272343 Networked Model Predictive Control of Spatially Distributed Processes

Wednesday, October 31, 2012: 9:30 AM
327 (Convention Center )
Zhiyuan Yao, Department of Chemical Engineering and Materials Science, University of California, Davis, Davis, CA and Nael H. El-Farra, Department of Chemical Engineering & Materials Science, University of California, Davis, Davis, CA

Control over communication networks has attracted considerable attention in recent years in both the academic and industrial research communities. The use of wireless networks in process control systems, for example, allows for modular and flexible system design (e.g. distributed processing and inter-operability), simple and fast implementation, and reduced installation and maintenance costs. However, the integration of communication networks in general (and wireless networks in particular) introduces a number of challenges due to the intrinsic limitations on the collection, processing and transmission capabilities of the measurement system and the communication medium. These challenges have been a major driving force behind an extensive and growing body of research work on networked control of dynamic systems, particularly those modeled by lumped parameter systems. In recent years, a number of efforts have also been made towards the development of a methodology for networked control of spatially-distributed systems modeled by partial differential equations (PDEs) that arise naturally in the modeling of transport-reaction processes and fluid flows [1],[2]. The focus of these efforts has been primarily on achieving closed-loop stability with minimal network resource utilization. This is an appealing objective given that it reduces the susceptibility of the networked control system to communication disruptions. Beyond the stabilization objective, performance and optimality requirements, as well as the handling of constraints on the process states and inputs, are key objectives that need to be addressed in the design of any process control system. One of the few systematic methods suited for incorporating performance objectives and constraint handling is Model Predictive Control (MPC), which is based on iterative, finite-horizon optimization of a plant model. At this stage, systematic methods for networked predictive control of spatially distributed systems remain lacking and in need of development.
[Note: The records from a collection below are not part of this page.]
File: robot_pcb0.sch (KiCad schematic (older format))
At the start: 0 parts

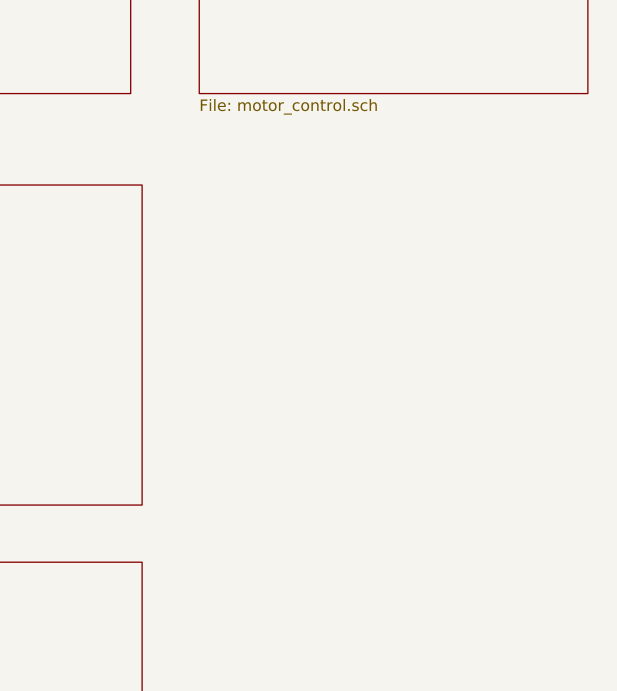
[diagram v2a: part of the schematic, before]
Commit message: adding an nrf52
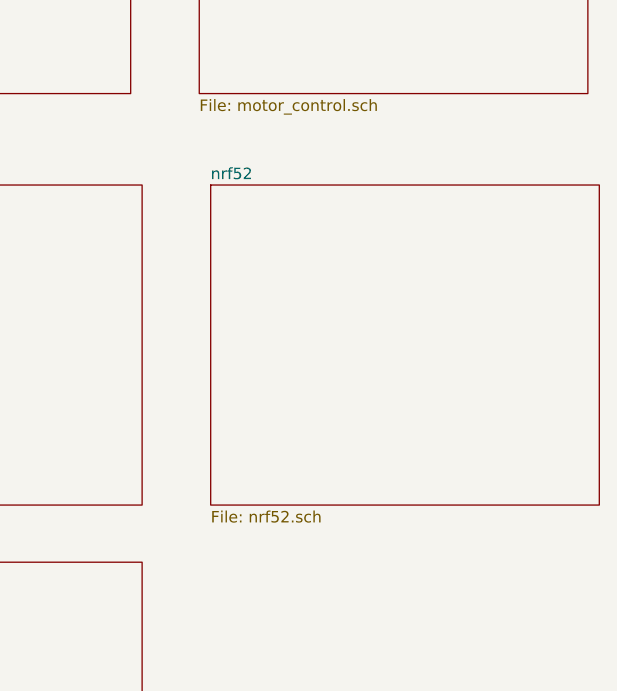
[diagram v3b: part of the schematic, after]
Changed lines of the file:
@@
 $Descr A4 11693 8268
 encoding utf-8
-Sheet 1 5
+Sheet 1 6
 Title "Four DC-Motor Controller"
 Date ""
@@
 Text Notes 3200 900  0    50   ~ 0
 DRV8833
+$Sheet
+S 2850 2450 1700 1400
+U 5CF66F52
+F0 "nrf52" 50
+F1 "nrf52.sch" 50
+$EndSheet
 $EndSCHEMATC

In this contribution, we develop and present a framework for networked model predictive control of spatially distributed processes modeled by parabolic PDEs with sensor measurements that are transmitted to the controller over a resource-constrained communication medium. The aim of this work is to enforce the desired stability and optimality properties with minimal sensor-controller information exchange. To this end, a finite-dimensional approximate model is initially obtained using model reduction techniques to capture the dominant dynamics of the infinite-dimensional system, and is then used to design a Lyapunov-based model predictive controller (LMPC) that enforces closed-loop stability for a given sensor-controller communication rate. The control action is generated by solving a model-based finite-horizon optimization problem based on an appropriate cost functional subject to constraints on the process dynamics, states and inputs. The controller guarantees the decay of the Lyapunov function over each sampling interval within a well-defined stability region. Unlike conventional LMPC formulations, however, the sensors do not transmit the measurements at a fixed rate, but instead communicate with the controller in an adaptive fashion. The key idea is to monitor the evolution of the Lyapunov function at the sampling times and suspend communication for periods when the prescribed stability threshold is satisfied. During such periods, the predictive controller relies on the available model to estimate the slow states of the infinite-dimensional system, and computes the control action using an open-loop optimization formulation. At times when the sampled state begins to breach the expected stability threshold, communication is restored and the controller switches back to using the sampled measurements to update the model predictions and repeat the optimization at each sampling time. Finally, the implementation of the finite-dimensional networked control structure on the infinite-dimensional system is analyzed, and the results are illustrated using a representative diffusion-reaction process example.


[1] Sun, Y., S. Ghantasala and N. H. El-Farra, ``Networked Control of Spatially Distributed Processes with Sensor-Controller Communication Constraints,'' Proceedings of American Control Conference, pp. 2489-2494, St. Louis, MO, 2009.

[2] Yao, Z. and N. H. El-Farra, ``Resource-Aware Scheduled Control of Distributed Process Systems Over Wireless Sensor Networks," Proceedings of American Control Conference, pp. 4121-4126, Baltimore, MD, 2010.